**Stored entries:**
*** Block opens ***

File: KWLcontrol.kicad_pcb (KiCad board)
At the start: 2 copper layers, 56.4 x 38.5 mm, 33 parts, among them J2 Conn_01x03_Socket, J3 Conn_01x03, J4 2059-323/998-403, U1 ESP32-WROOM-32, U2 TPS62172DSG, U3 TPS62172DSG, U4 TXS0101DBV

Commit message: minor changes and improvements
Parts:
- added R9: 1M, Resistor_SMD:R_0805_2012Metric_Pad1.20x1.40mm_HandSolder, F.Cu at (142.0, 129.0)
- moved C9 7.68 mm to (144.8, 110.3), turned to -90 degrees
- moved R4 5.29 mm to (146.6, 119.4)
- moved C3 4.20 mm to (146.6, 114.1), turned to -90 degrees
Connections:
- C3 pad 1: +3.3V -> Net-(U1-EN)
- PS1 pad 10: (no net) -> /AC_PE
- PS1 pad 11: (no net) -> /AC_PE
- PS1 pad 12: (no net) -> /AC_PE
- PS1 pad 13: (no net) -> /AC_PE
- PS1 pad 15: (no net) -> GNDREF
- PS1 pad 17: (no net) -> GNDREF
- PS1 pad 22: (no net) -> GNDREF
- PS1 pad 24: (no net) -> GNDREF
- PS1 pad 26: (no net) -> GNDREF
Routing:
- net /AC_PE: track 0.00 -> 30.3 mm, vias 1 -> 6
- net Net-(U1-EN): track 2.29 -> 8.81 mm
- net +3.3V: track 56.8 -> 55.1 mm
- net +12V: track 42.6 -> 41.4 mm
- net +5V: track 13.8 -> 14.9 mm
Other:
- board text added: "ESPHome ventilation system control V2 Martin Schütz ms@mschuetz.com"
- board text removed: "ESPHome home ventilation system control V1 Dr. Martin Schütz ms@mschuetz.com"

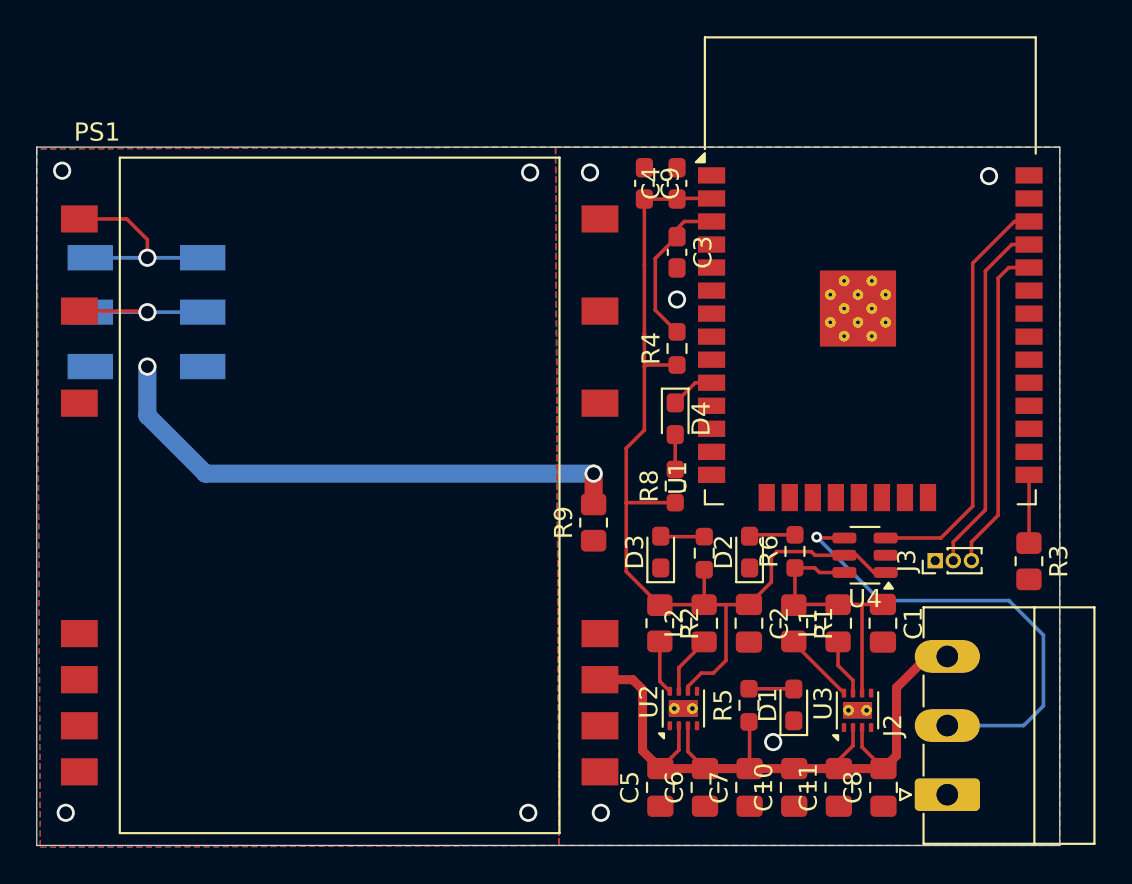
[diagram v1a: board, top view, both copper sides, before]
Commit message: improvements, add BME680
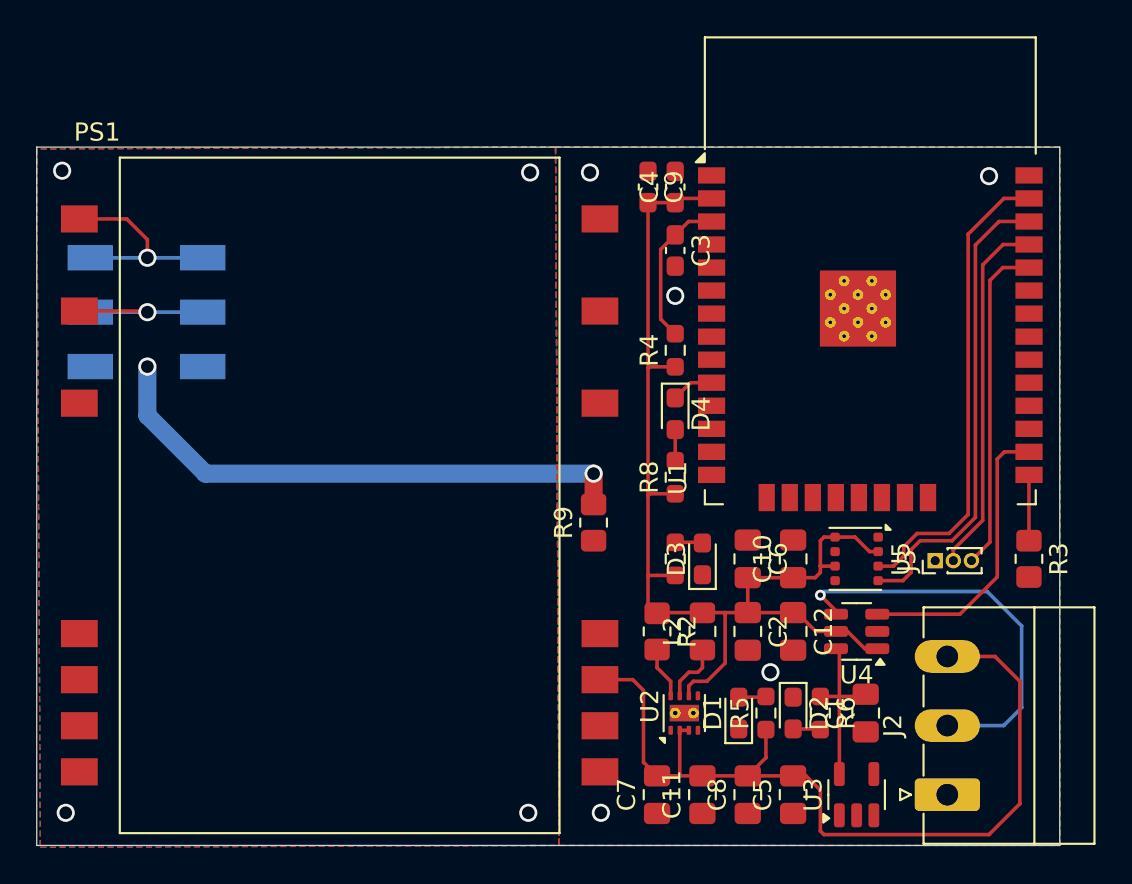
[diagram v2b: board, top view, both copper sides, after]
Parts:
- removed L1: 2.2uF, Inductor_SMD:L_0805_2012Metric_Pad1.15x1.40mm_HandSolder
- removed R1: 100k, Resistor_SMD:R_0805_2012Metric_Pad1.20x1.40mm_HandSolder
- added C12: 100n, Capacitor_SMD:C_0805_2012Metric_Pad1.18x1.45mm_HandSolder, F.Cu at (153.0, 135.0)
- added U5: BME680, Package_LGA:Bosch_LGA-8_3x3mm_P0.8mm_ClockwisePinNumbering, F.Cu at (156.5, 131.0)
- C1: value 22uF -> 2.2uF
- C10: value 1n -> 100n
- C5: value 10u -> 1u
- U3: value TPS62172DSG -> TPS76950; footprint Package_SON:WSON-8-1EP_2x2mm_P0.5mm_EP0.9x1.6mm_ThermalVias -> Package_TO_SOT_SMD:SOT-23-5
- moved C6 12.8 mm to (150.5, 131.0), turned to -90 degrees
- moved C10 12.6 mm to (153.0, 131.0)
- moved D2 9.19 mm to (153.0, 139.5), turned to -90 degrees
- moved R6 9.02 mm to (154.5, 139.5), turned to -90 degrees
- moved C11 7.53 mm to (148.0, 144.0)
- moved C8 7.49 mm to (150.5, 144.0)
- moved C5 7.33 mm to (153.0, 144.0)
- moved C7 5.12 mm to (145.5, 144.0)
- moved C1 5.04 mm to (157.0, 139.5), turned to 90 degrees
- moved U3 4.65 mm to (156.5, 144.0)
- moved U4 4.23 mm to (156.5, 135.0)
- moved D1 3.07 mm to (150.0, 139.5)
- moved D3 2.33 mm to (148.0, 131.0)
- moved R7 1.63 mm to (146.5, 131.0)
- moved R5 1.03 mm to (151.5, 139.5)
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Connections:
- C1 pad 1: +5V -> GNDREF
- C1 pad 2: GNDREF -> +5V
- C10 pad 1: GNDREF -> +3.3V
- C10 pad 2: +12V -> GNDREF
- C6 pad 2: +12V -> +3.3V
- U1 pad 26: unconnected-(U1-IO4-Pad26) -> /FAN_PWM
- U1 pad 36: /FAN_PWM -> /SCL
- U1 pad 37: unconnected-(U1-IO23-Pad37) -> /SDA
- U3 pad 1: GNDREF -> +12V
- U3 pad 2: +12V -> GNDREF
- U3 pad 4: GNDREF -> unconnected-(U3-NC-Pad4)
- U3 pad 5: GNDREF -> +5V
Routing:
- net /SDA: track 0.00 -> 26.1 mm
- net /SCL: track 0.00 -> 26.0 mm
- net +12V: track 41.4 -> 49.9 mm
- net /FAN_PWM: track 23.0 -> 15.9 mm
- net +3.3V: track 55.1 -> 62.1 mm
- net +5V: track 14.9 -> 9.72 mm
- net Net-(U3-PG): track 3.99 -> 0.00 mm
- net Net-(J2-Pin_2): track 25.9 -> 22.4 mm
- net Net-(U3-SW): track 3.17 -> 0.00 mm
- net Net-(D2-A): track 2.53 -> 1.52 mm
- net Net-(D1-A): track 2.48 -> 1.52 mm
- net Net-(D3-A): track 2.41 -> 1.52 mm

*** Block closes ***

**What the task asks:** Search the entries for the word "Martin". Copy each line where it appears.

**Answer for the task:**
- board text added: "ESPHome ventilation system control V2 Martin Schütz ms@mschuetz.com"
- board text removed: "ESPHome home ventilation system control V1 Dr. Martin Schütz ms@mschuetz.com"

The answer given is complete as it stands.